To capture the deformation characteristics of the honeycombs, we utilised a DSLR camera (Nikon D5300) to record videos at a resolution of 256 × 112 pixels, operating at a frame rate ranging from 40 to 50 μs per frame. The specifics of the dimensions, crosshead speed, and the ASTM standard adhered to for testing both bulk and cellular samples are outlined in Table 1. We manufactured and tested three samples for each configuration to ensure that the measurements are consistent and reliable.

3. Results and discussion

3.1. Effect of cell topology on in-plane compressive response

3.1.1. Mechanical response and energy absorption characteristics

Figure 2(a) shows typical stress–strain curves acquired from in-plane compression experiments performed on CF/PA12 elementary (hexagonal and re-entrant) and hybrid honeycombs. Here, the stress σ was obtained by dividing the measured force (F) by the projected area (A_p) of the sample (40 × 23 mm²), $\sigma =F/A_p$, while the strain ϵ is defined as the ratio of the measured cross-head displacement (δ) over the initial sample height (h = 35 mm), $\epsilon =\delta /h$. The stress–strain curves are accompanied by selected photographs (see Figure 2(b)) that display frontal perspectives of the deformation at different stages of loading. The quasi-static compression responses of the three cellular structures exhibit similar patterns. In all cases, the stress–strain curve shows an initial peak followed by a plateau, culminating in a rapid ascent attributed to densification.
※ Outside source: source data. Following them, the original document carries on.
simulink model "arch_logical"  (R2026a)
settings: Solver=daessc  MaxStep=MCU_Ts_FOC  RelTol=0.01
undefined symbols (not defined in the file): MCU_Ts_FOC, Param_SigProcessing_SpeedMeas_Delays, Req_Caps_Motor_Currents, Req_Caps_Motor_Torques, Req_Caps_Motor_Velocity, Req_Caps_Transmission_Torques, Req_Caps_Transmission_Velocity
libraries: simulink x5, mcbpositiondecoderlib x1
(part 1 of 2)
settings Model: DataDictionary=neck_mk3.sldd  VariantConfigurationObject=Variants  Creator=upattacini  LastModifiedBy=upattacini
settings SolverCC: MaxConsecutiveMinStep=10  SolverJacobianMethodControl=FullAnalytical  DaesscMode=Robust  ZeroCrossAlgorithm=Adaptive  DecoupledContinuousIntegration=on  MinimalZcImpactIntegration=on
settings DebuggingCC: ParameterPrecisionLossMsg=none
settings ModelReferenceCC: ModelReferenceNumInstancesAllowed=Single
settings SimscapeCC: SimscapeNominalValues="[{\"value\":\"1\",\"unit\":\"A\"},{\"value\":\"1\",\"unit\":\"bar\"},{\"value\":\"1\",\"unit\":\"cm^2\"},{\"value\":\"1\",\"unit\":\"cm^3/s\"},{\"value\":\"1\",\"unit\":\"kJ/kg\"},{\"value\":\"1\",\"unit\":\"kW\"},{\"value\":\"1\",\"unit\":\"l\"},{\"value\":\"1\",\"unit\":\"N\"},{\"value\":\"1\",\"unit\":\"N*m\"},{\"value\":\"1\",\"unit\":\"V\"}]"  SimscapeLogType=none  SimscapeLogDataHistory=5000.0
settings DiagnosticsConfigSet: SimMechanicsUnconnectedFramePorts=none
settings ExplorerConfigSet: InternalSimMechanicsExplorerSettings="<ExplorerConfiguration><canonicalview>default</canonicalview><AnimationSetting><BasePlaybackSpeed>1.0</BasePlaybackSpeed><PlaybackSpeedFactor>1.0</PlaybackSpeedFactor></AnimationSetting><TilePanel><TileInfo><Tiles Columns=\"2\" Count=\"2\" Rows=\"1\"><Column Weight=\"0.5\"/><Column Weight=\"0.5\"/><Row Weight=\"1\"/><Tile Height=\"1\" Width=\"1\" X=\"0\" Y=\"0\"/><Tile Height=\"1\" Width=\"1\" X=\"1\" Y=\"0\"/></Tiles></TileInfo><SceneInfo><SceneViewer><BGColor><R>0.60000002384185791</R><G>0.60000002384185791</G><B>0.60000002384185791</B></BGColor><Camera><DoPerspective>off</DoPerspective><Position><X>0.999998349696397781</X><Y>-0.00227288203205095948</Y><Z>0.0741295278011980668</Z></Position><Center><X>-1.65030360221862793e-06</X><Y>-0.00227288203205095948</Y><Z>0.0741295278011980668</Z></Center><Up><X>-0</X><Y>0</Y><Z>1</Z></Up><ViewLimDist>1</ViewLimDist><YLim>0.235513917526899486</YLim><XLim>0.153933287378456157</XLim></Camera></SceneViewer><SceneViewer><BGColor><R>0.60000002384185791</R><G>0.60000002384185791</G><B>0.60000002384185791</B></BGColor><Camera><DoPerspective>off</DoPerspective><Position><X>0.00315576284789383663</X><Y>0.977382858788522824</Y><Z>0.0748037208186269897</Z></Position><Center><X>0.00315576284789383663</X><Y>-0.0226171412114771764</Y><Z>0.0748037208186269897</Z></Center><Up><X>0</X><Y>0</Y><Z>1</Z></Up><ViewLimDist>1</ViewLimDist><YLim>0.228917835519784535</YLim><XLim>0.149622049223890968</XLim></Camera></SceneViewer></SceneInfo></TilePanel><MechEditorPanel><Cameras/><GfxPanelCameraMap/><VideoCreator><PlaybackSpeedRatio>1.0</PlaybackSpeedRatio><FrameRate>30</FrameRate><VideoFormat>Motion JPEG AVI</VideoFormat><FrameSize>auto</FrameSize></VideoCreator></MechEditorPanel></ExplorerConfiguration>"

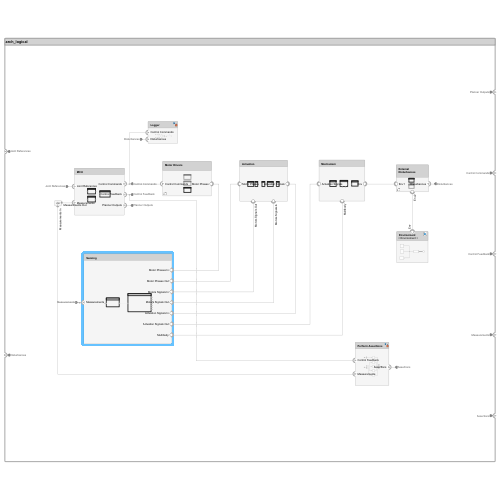
[thumbnail: Simulink's stored preview of the top-level diagram]
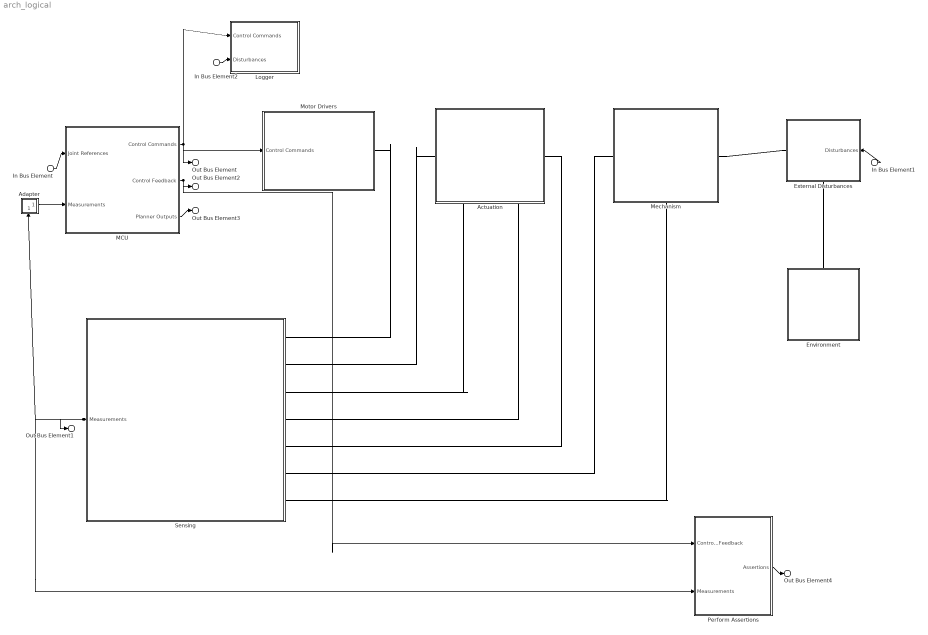
== system arch_logical ==
  In Bus Element : Inport  PortName=Joint References
  In Bus Element2 : Inport  Port=2  PortName=Disturbances
  In Bus Element1 : Inport  Port=2  PortName=Disturbances
  Actuation : Subsystem
      settings: PortSchema="{\"entries\":[{\"content\":{\"headerSize\":26,\"margin\":15,\"minimumSpacing\":25,\"sides\":[{\"content\":{\"connectorIds\":[\"LConn1\"]},\"type\":\"ConnectorPlacement.EquallySpacedRectSide\",\"uuid\":\"eccd4d58-2367-4793-bf9f-2eede0847c93\"},{\"content\":{\"connectorIds\":[\"RConn3\"],\"side\":\"RIGHT\"},\"type\":\"ConnectorPlacement.EquallySpacedRectSide\",\"uuid\":\"32519a16-e586-4f6e-b8f0-36f1e508df36\"},{\"content\":{\"side\":\"TOP\"},\"type\":\"ConnectorPlacement.EquallySpacedRectSide\",\"uuid\":\"f22ee251-d4b1-48ea-b188-f62260b2e429\"},{\"content\":{\"connectorIds\":[\"RConn1\",\"RConn2\"],\"side\":\"BOTTOM\"},\"type\":\"ConnectorPlacement.EquallySpacedRectSide\",\"uuid\":\"526c229c-fb47-4718-826e-1e8d24d62f10\"}]},\"type\":\"ConnectorPlacement.EquallySpacedConnector\",\"uuid\":\"8d6616d9-e499-47c7-92ab-9373a8f1fb5b\"}],\"packageUris\":[\"http://schema.mathworks.com/mf0/Connector/R2020b\"],\"version\":\"1.0\"}"
  Adapter : Subsystem
      settings: PortSchema="{\"entries\":[{\"content\":{\"margin\":10,\"minimumSpacing\":15,\"sides\":[{\"content\":{},\"type\":\"ConnectorPlacement.EquallySpacedRectSide\",\"uuid\":\"ddd4e9b8-61d2-4d2f-82f8-4b0ccee7ff86\"},{\"content\":{\"connectorIds\":[\"Out1\"],\"side\":\"RIGHT\"},\"type\":\"ConnectorPlacement.EquallySpacedRectSide\",\"uuid\":\"7aa9bec1-fa2e-43ed-a75e-8dec1bc414b1\"},{\"content\":{\"side\":\"TOP\"},\"type\":\"ConnectorPlacement.EquallySpacedRectSide\",\"uuid\":\"a4e0208d-8216-4c26-9a59-98a3849d45ff\"},{\"content\":{\"connectorIds\":[\"In1\"],\"side\":\"BOTTOM\"},\"type\":\"ConnectorPlacement.EquallySpacedRectSide\",\"uuid\":\"a15e082b-a01d-4828-9d21-fe1df5f3113b\"}]},\"type\":\"ConnectorPlacement.EquallySpacedConnector\",\"uuid\":\"30f7c310-01d9-4c2d-9621-d27ea52d4869\"}],\"packageUris\":[\"http://schema.mathworks.com/mf0/Connector/R2020b\"],\"version\":\"1.0\"}"
  Environment : Subsystem  ReferencedSubsystem=Environment
      settings: PermitHierarchicalResolution=None  PortSchema="{\"entries\":[{\"content\":{\"headerSize\":26,\"margin\":15,\"minimumSpacing\":25,\"sides\":[{\"content\":{},\"type\":\"ConnectorPlacement.EquallySpacedRectSide\",\"uuid\":\"f6b00979-b608-482c-ac37-5e3cc0f2d8ec\"},{\"content\":{\"side\":\"RIGHT\"},\"type\":\"ConnectorPlacement.EquallySpacedRectSide\",\"uuid\":\"5f44abf1-a2f0-4cef-bfe9-197596b0a3d4\"},{\"content\":{\"connectorIds\":[\"LConn1\"],\"side\":\"TOP\"},\"type\":\"ConnectorPlacement.EquallySpacedRectSide\",\"uuid\":\"d734854b-ebf6-45bf-86a5-9ab2f3efcb11\"}]},\"type\":\"ConnectorPlacement.EquallySpacedConnector\",\"uuid\":\"791e5e52-d9e4-45a9-9202-6f5746be1dba\"}],\"packageUris\":[\"http://schema.mathworks.com/mf0/Connector/R2020b\"],\"version\":\"1.0\"}"
  External Disturbances : Subsystem  Variant=on
      settings: PortSchema="{\"entries\":[{\"content\":{\"headerSize\":38,\"margin\":15,\"minimumSpacing\":25,\"sides\":[{\"content\":{\"connectorIds\":[\"LConn1\"]},\"type\":\"ConnectorPlacement.EquallySpacedRectSide\",\"uuid\":\"33603b70-e764-4576-b1dd-26cf30607783\"},{\"content\":{\"connectorIds\":[\"In1\"],\"side\":\"RIGHT\"},\"type\":\"ConnectorPlacement.EquallySpacedRectSide\",\"uuid\":\"a3a68558-a1a7-4632-9755-57c3560ae514\"},{\"content\":{\"side\":\"TOP\"},\"type\":\"ConnectorPlacement.EquallySpacedRectSide\",\"uuid\":\"b23d66c8-b58e-4330-a87a-a66fbfde4bac\"},{\"content\":{\"connectorIds\":[\"RConn1\"],\"side\":\"BOTTOM\"},\"type\":\"ConnectorPlacement.EquallySpacedRectSide\",\"uuid\":\"ddce90a1-93e2-4050-b1a6-c0a57aaedfd0\"}]},\"type\":\"ConnectorPlacement.EquallySpacedConnector\",\"uuid\":\"a21cd2dd-5f0f-4e3a-a097-c75bbf9b17ea\"}],\"packageUris\":[\"http://schema.mathworks.com/mf0/Connector/R2020b\"],\"version\":\"1.0\"}"
  Logger : Subsystem
      settings: PortSchema="{\"entries\":[{\"content\":{\"headerSize\":26,\"margin\":15,\"minimumSpacing\":25,\"sides\":[{\"content\":{\"connectorIds\":[\"In1\",\"In2\"]},\"type\":\"ConnectorPlacement.EquallySpacedRectSide\",\"uuid\":\"65ac2ed1-7c11-4706-b70c-547f3fcd72fb\"},{\"content\":{\"side\":\"RIGHT\"},\"type\":\"ConnectorPlacement.EquallySpacedRectSide\",\"uuid\":\"43a8be03-007c-48f6-8206-f0e589a590d5\"},{\"content\":{\"side\":\"TOP\"},\"type\":\"ConnectorPlacement.EquallySpacedRectSide\",\"uuid\":\"b148268f-cdaa-4750-84b0-59dc44f9d503\"}]},\"type\":\"ConnectorPlacement.EquallySpacedConnector\",\"uuid\":\"585a072c-b035-4c62-8ea3-f86f09820a73\"}],\"packageUris\":[\"http://schema.mathworks.com/mf0/Connector/R2020b\"],\"version\":\"1.0\"}"
  MCU : Subsystem
      settings: PortSchema="{\"entries\":[{\"content\":{\"headerSize\":26,\"margin\":15,\"minimumSpacing\":25,\"sides\":[{\"content\":{\"connectorIds\":[\"In1\",\"In2\"]},\"type\":\"ConnectorPlacement.EquallySpacedRectSide\",\"uuid\":\"b54566be-7d6a-42e3-8256-e5ad2e1ce034\"},{\"content\":{\"connectorIds\":[\"Out1\",\"Out2\",\"Out3\"],\"side\":\"RIGHT\"},\"type\":\"ConnectorPlacement.EquallySpacedRectSide\",\"uuid\":\"9e345ba6-81d0-4c80-9f55-b1ae75a52336\"},{\"content\":{\"side\":\"TOP\"},\"type\":\"ConnectorPlacement.EquallySpacedRectSide\",\"uuid\":\"65493873-4b6a-4bd2-b369-4b5afbe663c1\"}]},\"type\":\"ConnectorPlacement.EquallySpacedConnector\",\"uuid\":\"ad5ace50-4b25-45a3-978b-2fbc79f5660f\"}],\"packageUris\":[\"http://schema.mathworks.com/mf0/Connector/R2020b\"],\"version\":\"1.0\"}"
  Mechanism : Subsystem
      settings: PortSchema="{\"entries\":[{\"content\":{\"headerSize\":26,\"margin\":15,\"minimumSpacing\":25,\"sides\":[{\"content\":{\"connectorIds\":[\"LConn1\"]},\"type\":\"ConnectorPlacement.EquallySpacedRectSide\",\"uuid\":\"b54566be-7d6a-42e3-8256-e5ad2e1ce034\"},{\"content\":{\"connectorIds\":[\"RConn2\"],\"side\":\"RIGHT\"},\"type\":\"ConnectorPlacement.EquallySpacedRectSide\",\"uuid\":\"9e345ba6-81d0-4c80-9f55-b1ae75a52336\"},{\"content\":{\"side\":\"TOP\"},\"type\":\"ConnectorPlacement.EquallySpacedRectSide\",\"uuid\":\"65493873-4b6a-4bd2-b369-4b5afbe663c1\"},{\"content\":{\"connectorIds\":[\"RConn1\"],\"side\":\"BOTTOM\"},\"type\":\"ConnectorPlacement.EquallySpacedRectSide\",\"uuid\":\"11601a88-a8f5-4a5d-8ff5-68e33c191022\"}]},\"type\":\"ConnectorPlacement.EquallySpacedConnector\",\"uuid\":\"ad5ace50-4b25-45a3-978b-2fbc79f5660f\"}],\"packageUris\":[\"http://schema.mathworks.com/mf0/Connector/R2020b\"],\"version\":\"1.0\"}"
  Motor Drivers : Subsystem  Variant=on  VariantControl=Motor Drivers
      settings: PortSchema="{\"entries\":[{\"content\":{\"headerSize\":38,\"margin\":15,\"minimumSpacing\":25,\"sides\":[{\"content\":{\"connectorIds\":[\"In1\"]},\"type\":\"ConnectorPlacement.EquallySpacedRectSide\",\"uuid\":\"b54566be-7d6a-42e3-8256-e5ad2e1ce034\"},{\"content\":{\"connectorIds\":[\"RConn1\"],\"side\":\"RIGHT\"},\"type\":\"ConnectorPlacement.EquallySpacedRectSide\",\"uuid\":\"9e345ba6-81d0-4c80-9f55-b1ae75a52336\"},{\"content\":{\"side\":\"TOP\"},\"type\":\"ConnectorPlacement.EquallySpacedRectSide\",\"uuid\":\"65493873-4b6a-4bd2-b369-4b5afbe663c1\"},{\"content\":{\"side\":\"BOTTOM\"},\"type\":\"ConnectorPlacement.EquallySpacedRectSide\",\"uuid\":\"3cc66b1c-56d1-4d78-a9e5-9d06027f9ae8\"}]},\"type\":\"ConnectorPlacement.EquallySpacedConnector\",\"uuid\":\"ad5ace50-4b25-45a3-978b-2fbc79f5660f\"}],\"packageUris\":[\"http://schema.mathworks.com/mf0/Connector/R2020b\"],\"version\":\"1.0\"}"
  Perform Assertions : Subsystem
      settings: PortSchema="{\"entries\":[{\"content\":{\"headerSize\":26,\"margin\":15,\"minimumSpacing\":25,\"sides\":[{\"content\":{\"connectorIds\":[\"In1\",\"In2\"]},\"type\":\"ConnectorPlacement.EquallySpacedRectSide\",\"uuid\":\"82c0ead8-d93b-49b4-8ef2-f1de25cac233\"},{\"content\":{\"connectorIds\":[\"Out1\"],\"side\":\"RIGHT\"},\"type\":\"ConnectorPlacement.EquallySpacedRectSide\",\"uuid\":\"6d5659d8-ecac-4768-8c45-d01ff14cc080\"},{\"content\":{\"side\":\"TOP\"},\"type\":\"ConnectorPlacement.EquallySpacedRectSide\",\"uuid\":\"9d1e362c-8c75-499e-8163-f41cb6c6f816\"}]},\"type\":\"ConnectorPlacement.EquallySpacedConnector\",\"uuid\":\"50d0fcc9-d013-4bf8-8bdb-8a7263d96f85\"}],\"packageUris\":[\"http://schema.mathworks.com/mf0/Connector/R2020b\"],\"version\":\"1.0\"}"
  Sensing : Subsystem
      settings: PortSchema="{\"entries\":[{\"content\":{\"headerSize\":26,\"margin\":15,\"minimumSpacing\":25,\"sides\":[{\"content\":{\"connectorIds\":[\"Out1\"]},\"type\":\"ConnectorPlacement.EquallySpacedRectSide\",\"uuid\":\"49c15c88-294a-49d3-a3e9-7e9d2d7e0fbb\"},{\"content\":{\"connectorIds\":[\"RConn1\",\"RConn2\",\"RConn3\",\"RConn4\",\"RConn5\",\"RConn6\",\"RConn7\"],\"side\":\"RIGHT\"},\"type\":\"ConnectorPlacement.EquallySpacedRectSide\",\"uuid\":\"231f3a62-e970-4c5e-be8a-7dda6d603d83\"},{\"content\":{\"side\":\"TOP\"},\"type\":\"ConnectorPlacement.EquallySpacedRectSide\",\"uuid\":\"403ac151-60ed-4891-8e31-1a38c9d325e1\"}]},\"type\":\"ConnectorPlacement.EquallySpacedConnector\",\"uuid\":\"3d0f34fd-30d8-4e40-9b1c-23769127a566\"}],\"packageUris\":[\"http://schema.mathworks.com/mf0/Connector/R2020b\"],\"version\":\"1.0\"}"
  Out Bus Element3 : Outport  PortName=Planner Outputs
  Out Bus Element : Outport  Port=2  PortName=Control Commands
  Out Bus Element2 : Outport  Port=3  PortName=Control Feedback
  Out Bus Element1 : Outport  Port=4  PortName=Measurements
  Out Bus Element4 : Outport  Port=5  PortName=Assertions
  wires:
  MCU/1(Control Commands) -> Out Bus Element/1, Motor Drivers/1(Control Commands), Logger/1(Control Commands)
  In Bus Element/1 -> MCU/1(Joint References)
  MCU/2(Control Feedback) -> Out Bus Element2/1, Perform Assertions/1(Control Feedback)
  MCU/3(Planner Outputs) -> Out Bus Element3/1
  Perform Assertions/1(Assertions) -> Out Bus Element4/1
  Sensing/1(Measurements) -> Perform Assertions/2(Measurements), Out Bus Element1/1, Adapter/1(Measurements In)
  Adapter/1(Measurements Out) -> MCU/2(Measurements)
  In Bus Element2/1 -> Logger/2(Disturbances)
  In Bus Element1/1 -> External Disturbances/1(Disturbances)
  connections:
  Sensing/RConn1 -- Motor Drivers/RConn1
  Sensing/RConn2 -- Actuation/LConn1
  Sensing/RConn3 -- Actuation/RConn1
  Sensing/RConn4 -- Actuation/RConn2
  Sensing/RConn5 -- Actuation/RConn3
  Sensing/RConn6 -- Mechanism/LConn1
  Sensing/RConn7 -- Mechanism/RConn1
  Mechanism/RConn2 -- External Disturbances/LConn1
  Environment/LConn1 -- External Disturbances/RConn1

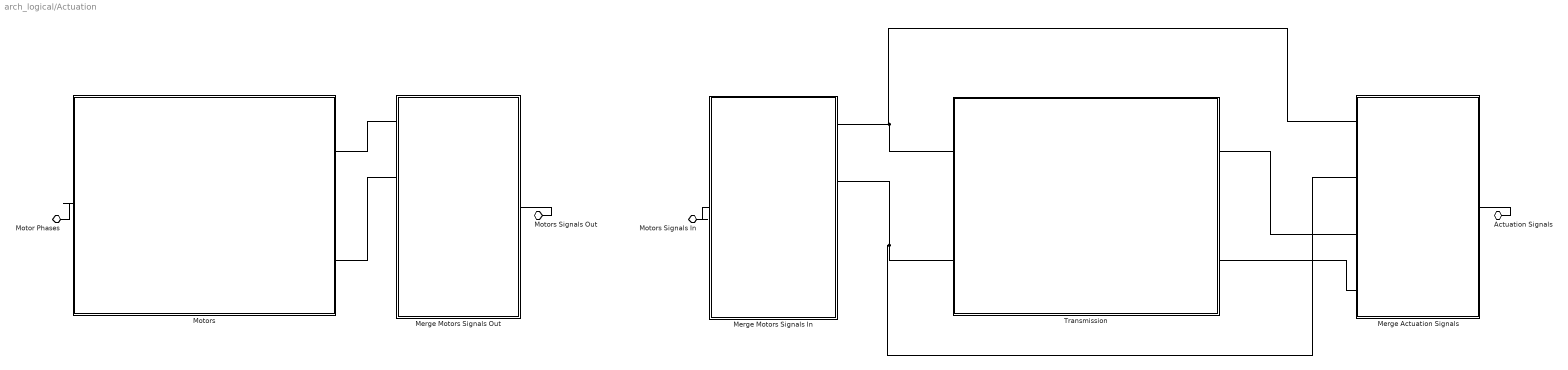
== system arch_logical/Actuation ==
  Merge Actuation Signals : Subsystem  ReferencedSubsystem=MergeActuationSignals
      settings: PermitHierarchicalResolution=None  PortSchema="{\"entries\":[{\"content\":{\"headerSize\":26,\"margin\":15,\"minimumSpacing\":25,\"sides\":[{\"content\":{\"connectorIds\":[\"LConn1\",\"LConn2\",\"LConn3\",\"LConn4\"]},\"type\":\"ConnectorPlacement.EquallySpacedRectSide\",\"uuid\":\"fc68b865-07d4-4616-83f3-8f401cbe5686\"},{\"content\":{\"connectorIds\":[\"RConn1\"],\"side\":\"RIGHT\"},\"type\":\"ConnectorPlacement.EquallySpacedRectSide\",\"uuid\":\"1658ecd9-4df8-4b52-8b24-30d2825782fa\"},{\"content\":{\"side\":\"TOP\"},\"type\":\"ConnectorPlacement.EquallySpacedRectSide\",\"uuid\":\"aa785ee9-f455-412c-96db-be9f2e01bdf6\"}]},\"type\":\"ConnectorPlacement.EquallySpacedConnector\",\"uuid\":\"1df0c366-4a53-43f1-9659-7d2b3db17667\"}],\"packageUris\":[\"http://schema.mathworks.com/mf0/Connector/R2020b\"],\"version\":\"1.0\"}"
  Merge Motors Signals In : Subsystem  ReferencedSubsystem=MergeActuationSignals
      settings: PermitHierarchicalResolution=None  PortSchema="{\"entries\":[{\"content\":{\"headerSize\":26,\"margin\":15,\"minimumSpacing\":25,\"sides\":[{\"content\":{\"connectorIds\":[\"RConn1\"]},\"type\":\"ConnectorPlacement.EquallySpacedRectSide\",\"uuid\":\"fc68b865-07d4-4616-83f3-8f401cbe5686\"},{\"content\":{\"connectorIds\":[\"LConn1\",\"LConn2\",\"LConn3\",\"LConn4\"],\"side\":\"RIGHT\"},\"type\":\"ConnectorPlacement.EquallySpacedRectSide\",\"uuid\":\"1658ecd9-4df8-4b52-8b24-30d2825782fa\"},{\"content\":{\"side\":\"TOP\"},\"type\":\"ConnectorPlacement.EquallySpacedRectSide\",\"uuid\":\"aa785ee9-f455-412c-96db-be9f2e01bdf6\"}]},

Herein, several metrics are employed to assess the compression performance of the honeycomb structures; these encompass elastic modulus, initial collapse stress, densification strain and absorbed energy. The absorbed energy (E_a) was calculated through an integration procedure [28]: (2) $E_a=V{\int }_0^{{\epsilon }_d}\sigma (\epsilon )\mathrm{d\epsilon }$(2) where V is the volume enclosing the boundaries of the sample (40 × 35 × 23 mm³), and ${\epsilon }_d$ is the densification strain. In line with previous studies (see e.g. [50]), ${\epsilon }_d$was taken as the strain where the energy absorption efficiency $\eta (\epsilon )$ attains a global maximum (see Figure S4, Supplementary Material), where $\eta (\epsilon )$ is defined as (3) $\eta (\epsilon )={\displaystyle \frac{{\int }_0^{\epsilon }\mathrm{\sigma d\epsilon }}{{\sigma }_{\max }\epsilon }.}$(3) Here, $\sigma$ is the compressive stress induced in the honeycomb at a strain ϵ, and ${\sigma }_{\max }$ is the peak compressive stress within the strain range [0, ϵ].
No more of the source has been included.